Willemse lo trova divertente perché, in quel video, riconosce lo stesso giovane uomo freddo, calmo e un po’ riservato che conosceva da bambino.
«Si vedeva da come si muoveva in campo. Flemmatico, composto, sicuro delle sue capacità. A volte segnava un gol incredibile ma non festeggiava. Si girava e tornava indietro», ricorda con un sorriso. «Non mi piaceva, non aveva espressione!»
Willemse ha cercato di scoprire perché Zirkzee non festeggiasse da bambino, ma non è mai riuscito a trovare una risposta. «Era un po’ arrogante», dice, prima di sottolineare, «ma non apposta. È il suo modo di essere». Quell’arroganza si vedeva solo in campo. «Fuori era molto socievole, un ragazzo normale».
E anche se il messaggio di buona fortuna è un po’ corto, dimostra che Zirkzee è uno che non ha mai dimenticato da dove viene.
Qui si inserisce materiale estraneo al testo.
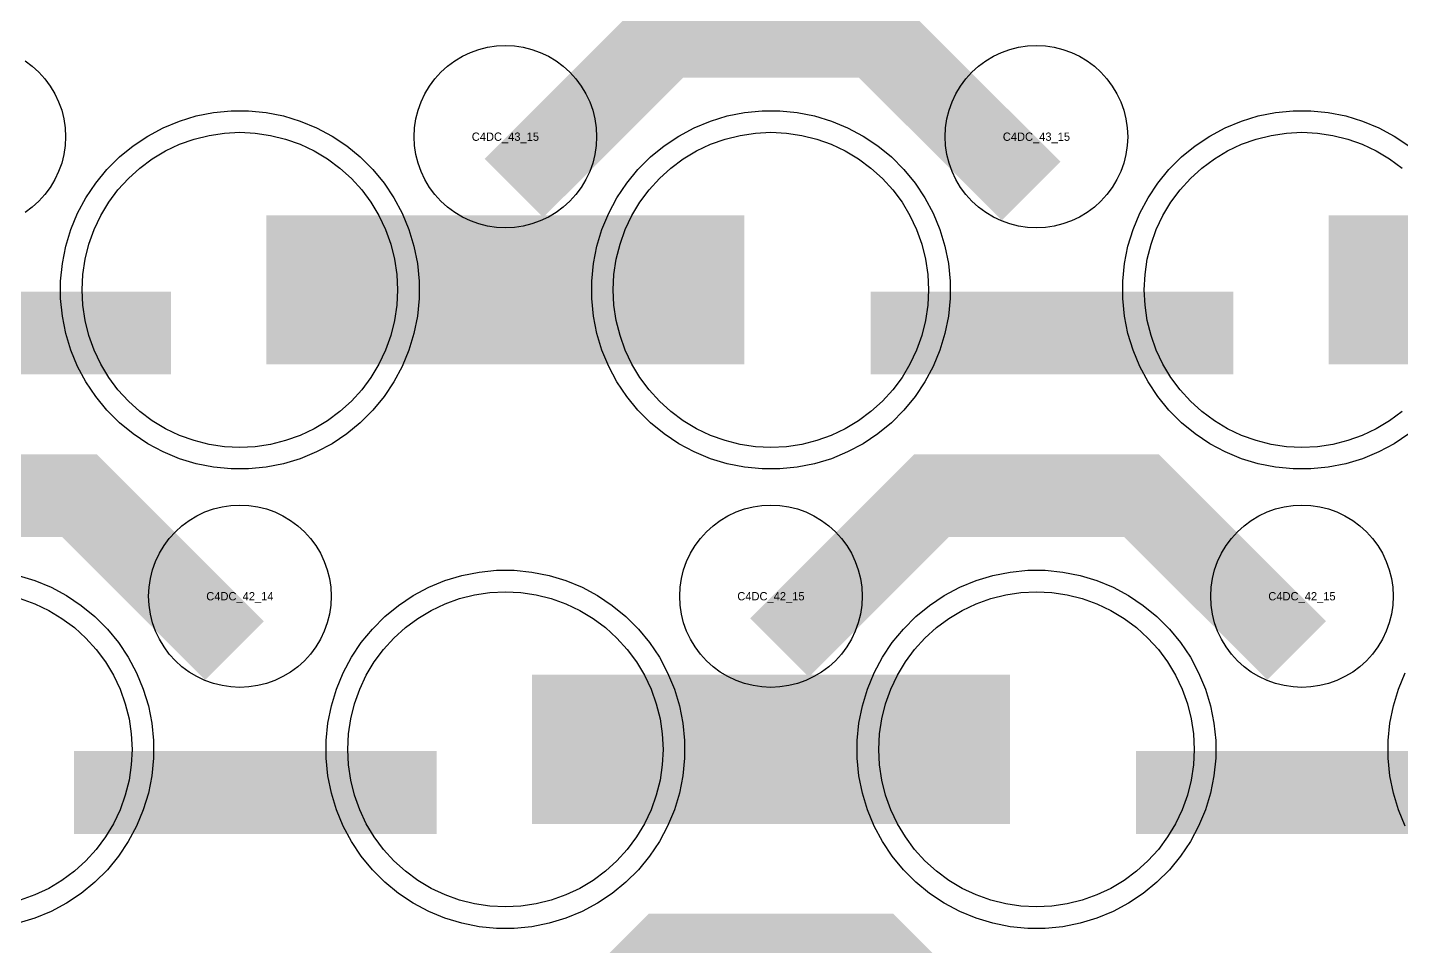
# Model space of a CAD drawing. Extents: x -11880 to 11880, y -14992 to 14992.
# Drawn here: x -7344 to -6930, y -9079.3 to -8802.2 of the extents above; entities that cross this region are included whole.
import ezdxf
from ezdxf.enums import TextEntityAlignment as Align

# ---------------------------------------------------------------- set-up
doc = ezdxf.new("R2010")
doc.units = 0
doc.header["$MEASUREMENT"] = 0
for name, color, linetype in [('GDS_775_DT_237', 138, 'CONTINUOUS'), ('RDL1_FS', 34, 'CONTINUOUS'), ('RDL_BS', 160, 'CONTINUOUS')]:
    doc.layers.add(name, color=color, linetype=linetype)

msp = doc.modelspace()

# ---------------------------------------------------------------- linework, layer by layer
at = {"layer": 'RDL1_FS', "color": 240, "true_color": 0xed1f24}
for points in [[(-7280, -8928.819), (-7284.657, -8928.59), (-7289.268, -8927.906), (-7293.791, -8926.774), (-7298.181, -8925.202), (-7302.395, -8923.21), (-7306.395, -8920.812), (-7310.14, -8918.034), (-7313.594, -8914.904), (-7316.724, -8911.45), (-7319.502, -8907.705), (-7321.9, -8903.705), (-7323.892, -8899.491), (-7325.464, -8895.101), (-7326.596, -8890.578), (-7327.28, -8885.967), (-7327.509, -8881.31), (-7327.28, -8876.653), (-7326.596, -8872.042), (-7325.464, -8867.519), (-7323.892, -8863.129), (-7321.9, -8858.915), (-7319.502, -8854.915), (-7316.724, -8851.17), (-7313.594, -8847.716), (-7310.14, -8844.586), (-7306.395, -8841.808), (-7302.395, -8839.41), (-7298.181, -8837.418), (-7293.791, -8835.846), (-7289.268, -8834.714), (-7284.657, -8834.03), (-7280, -8833.801), (-7275.343, -8834.03), (-7270.732, -8834.714), (-7266.209, -8835.846), (-7261.819, -8837.418), (-7257.605, -8839.41), (-7253.605, -8841.808), (-7249.86, -8844.586), (-7246.406, -8847.716), (-7243.276, -8851.17), (-7240.498, -8854.915), (-7238.1, -8858.915), (-7236.108, -8863.129), (-7234.536, -8867.519), (-7233.404, -8872.042), (-7232.72, -8876.653), (-7232.491, -8881.31), (-7232.72, -8885.967), (-7233.404, -8890.578), (-7234.536, -8895.101), (-7236.108, -8899.491), (-7238.1, -8903.705), (-7240.498, -8907.705), (-7243.276, -8911.45), (-7246.406, -8914.904), (-7249.86, -8918.034), (-7253.605, -8920.812), (-7257.605, -8923.21), (-7261.819, -8925.202), (-7266.209, -8926.774), (-7270.732, -8927.906), (-7275.343, -8928.59)], [(-7120, -8928.819), (-7124.657, -8928.59), (-7129.268, -8927.906), (-7133.791, -8926.774), (-7138.181, -8925.202), (-7142.395, -8923.21), (-7146.395, -8920.812), (-7150.14, -8918.034), (-7153.594, -8914.904), (-7156.724, -8911.45), (-7159.502, -8907.705), (-7161.9, -8903.705), (-7163.892, -8899.491), (-7165.464, -8895.101), (-7166.596, -8890.578), (-7167.28, -8885.967), (-7167.509, -8881.31), (-7167.28, -8876.653), (-7166.596, -8872.042), (-7165.464, -8867.519), (-7163.892, -8863.129), (-7161.9, -8858.915), (-7159.502, -8854.915), (-7156.724, -8851.17), (-7153.594, -8847.716), (-7150.14, -8844.586), (-7146.395, -8841.808), (-7142.395, -8839.41), (-7138.181, -8837.418), (-7133.791, -8835.846), (-7129.268, -8834.714), (-7124.657, -8834.03), (-7120, -8833.801), (-7115.343, -8834.03), (-7110.732, -8834.714), (-7106.209, -8835.846), (-7101.819, -8837.418), (-7097.605, -8839.41), (-7093.605, -8841.808), (-7089.86, -8844.586), (-7086.406, -8847.716), (-7083.276, -8851.17), (-7080.498, -8854.915), (-7078.1, -8858.915), (-7076.108, -8863.129), (-7074.536, -8867.519), (-7073.404, -8872.042), (-7072.72, -8876.653), (-7072.491, -8881.31), (-7072.72, -8885.967), (-7073.404, -8890.578), (-7074.536, -8895.101), (-7076.108, -8899.491), (-7078.1, -8903.705), (-7080.498, -8907.705), (-7083.276, -8911.45), (-7086.406, -8914.904), (-7089.86, -8918.034), (-7093.605, -8920.812), (-7097.605, -8923.21), (-7101.819, -8925.202), (-7106.209, -8926.774), (-7110.732, -8927.906), (-7115.343, -8928.59)]]:
    msp.add_lwpolyline(points, close=True, dxfattribs=at)
msp.add_lwpolyline([(-6929.86, -8918.034), (-6933.605, -8920.812), (-6937.605, -8923.21), (-6941.819, -8925.202), (-6946.209, -8926.774), (-6950.732, -8927.906), (-6955.343, -8928.59), (-6960, -8928.819), (-6964.657, -8928.59), (-6969.268, -8927.906), (-6973.791, -8926.774), (-6978.181, -8925.202), (-6982.395, -8923.21), (-6986.395, -8920.812), (-6990.14, -8918.034), (-6993.594, -8914.904), (-6996.724, -8911.45), (-6999.502, -8907.705), (-7001.9, -8903.705), (-7003.892, -8899.491), (-7005.464, -8895.101), (-7006.596, -8890.578), (-7007.28, -8885.967), (-7007.509, -8881.31), (-7007.28, -8876.653), (-7006.596, -8872.042), (-7005.464, -8867.519), (-7003.892, -8863.129), (-7001.9, -8858.915), (-6999.502, -8854.915), (-6996.724, -8851.17), (-6993.594, -8847.716), (-6990.14, -8844.586), (-6986.395, -8841.808), (-6982.395, -8839.41), (-6978.181, -8837.418), (-6973.791, -8835.846), (-6969.268, -8834.714), (-6964.657, -8834.03), (-6960, -8833.801), (-6955.343, -8834.03), (-6950.732, -8834.714), (-6946.209, -8835.846), (-6941.819, -8837.418), (-6937.605, -8839.41), (-6933.605, -8841.808), (-6929.86, -8844.586)], dxfattribs=at)
for points in [[(-7271.998, -8881.31, 45, 45, 0), (-7199.998, -8881.31, 45, 45, 0)], [(-7199.998, -8881.31, 45, 45, 0), (-7127.998, -8881.31, 45, 45, 0)], [(-6951.998, -8881.31, 45, 45, 0), (-6879.998, -8881.31, 45, 45, 0)]]:
    msp.add_lwpolyline(points, format="xyseb", dxfattribs=at)
at = {"layer": 'RDL1_FS'}
msp.add_lwpolyline([(-7346.209, -8974.411), (-7341.819, -8975.983), (-7337.605, -8977.975), (-7333.605, -8980.373), (-7329.86, -8983.151), (-7326.406, -8986.281), (-7323.276, -8989.735), (-7320.498, -8993.48), (-7318.1, -8997.48), (-7316.108, -9001.694), (-7314.536, -9006.084), (-7313.404, -9010.607), (-7312.72, -9015.218), (-7312.491, -9019.875), (-7312.72, -9024.532), (-7313.404, -9029.143), (-7314.536, -9033.666), (-7316.108, -9038.056), (-7318.1, -9042.27), (-7320.498, -9046.27), (-7323.276, -9050.015), (-7326.406, -9053.469), (-7329.86, -9056.599), (-7333.605, -9059.377), (-7337.605, -9061.775), (-7341.819, -9063.767), (-7346.209, -9065.339)], dxfattribs=at)
for points in [[(-7200, -9067.384), (-7204.657, -9067.155), (-7209.268, -9066.471), (-7213.791, -9065.339), (-7218.181, -9063.767), (-7222.395, -9061.775), (-7226.395, -9059.377), (-7230.14, -9056.599), (-7233.594, -9053.469), (-7236.724, -9050.015), (-7239.502, -9046.27), (-7241.9, -9042.27), (-7243.892, -9038.056), (-7245.464, -9033.666), (-7246.596, -9029.143), (-7247.28, -9024.532), (-7247.509, -9019.875), (-7247.28, -9015.218), (-7246.596, -9010.607), (-7245.464, -9006.084), (-7243.892, -9001.694), (-7241.9, -8997.48), (-7239.502, -8993.48), (-7236.724, -8989.735), (-7233.594, -8986.281), (-7230.14, -8983.151), (-7226.395, -8980.373), (-7222.395, -8977.975), (-7218.181, -8975.983), (-7213.791, -8974.411), (-7209.268, -8973.279), (-7204.657, -8972.595), (-7200, -8972.366), (-7195.343, -8972.595), (-7190.732, -8973.279), (-7186.209, -8974.411), (-7181.819, -8975.983), (-7177.605, -8977.975), (-7173.605, -8980.373), (-7169.86, -8983.151), (-7166.406, -8986.281), (-7163.276, -8989.735), (-7160.498, -8993.48), (-7158.1, -8997.48), (-7156.108, -9001.694), (-7154.536, -9006.084), (-7153.404, -9010.607), (-7152.72, -9015.218), (-7152.491, -9019.875), (-7152.72, -9024.532), (-7153.404, -9029.143), (-7154.536, -9033.666), (-7156.108, -9038.056), (-7158.1, -9042.27), (-7160.498, -9046.27), (-7163.276, -9050.015), (-7166.406, -9053.469), (-7169.86, -9056.599), (-7173.605, -9059.377), (-7177.605, -9061.775), (-7181.819, -9063.767), (-7186.209, -9065.339), (-7190.732, -9066.471), (-7195.343, -9067.155)], [(-7040, -9067.384), (-7044.657, -9067.155), (-7049.268, -9066.471), (-7053.791, -9065.339), (-7058.181, -9063.767), (-7062.395, -9061.775), (-7066.395, -9059.377), (-7070.14, -9056.599), (-7073.594, -9053.469), (-7076.724, -9050.015), (-7079.502, -9046.27), (-7081.9, -9042.27), (-7083.892, -9038.056), (-7085.464, -9033.666), (-7086.596, -9029.143), (-7087.28, -9024.532), (-7087.509, -9019.875), (-7087.28, -9015.218), (-7086.596, -9010.607), (-7085.464, -9006.084), (-7083.892, -9001.694), (-7081.9, -8997.48), (-7079.502, -8993.48), (-7076.724, -8989.735), (-7073.594, -8986.281), (-7070.14, -8983.151), (-7066.395, -8980.373), (-7062.395, -8977.975), (-7058.181, -8975.983), (-7053.791, -8974.411), (-7049.268, -8973.279), (-7044.657, -8972.595), (-7040, -8972.366), (-7035.343, -8972.595), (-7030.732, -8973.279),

Anche se da dove viene a volte si dimentica di lui.
Dopo la fine del campionato di Serie A del Bologna e prima dell’inizio del campionato europeo, una Porsche è entrata nel parcheggio del VV Hekelingen.
Un ex giocatore era tornato e sperava di fare una partita improvvisata con alcuni vecchi amici sui campi dove era iniziata la sua carriera. Sfortunatamente, nessuno sul posto in quel momento riconobbe Zirkzee, nonostante la sua maglietta autografata e le fotografie appese al bar del club.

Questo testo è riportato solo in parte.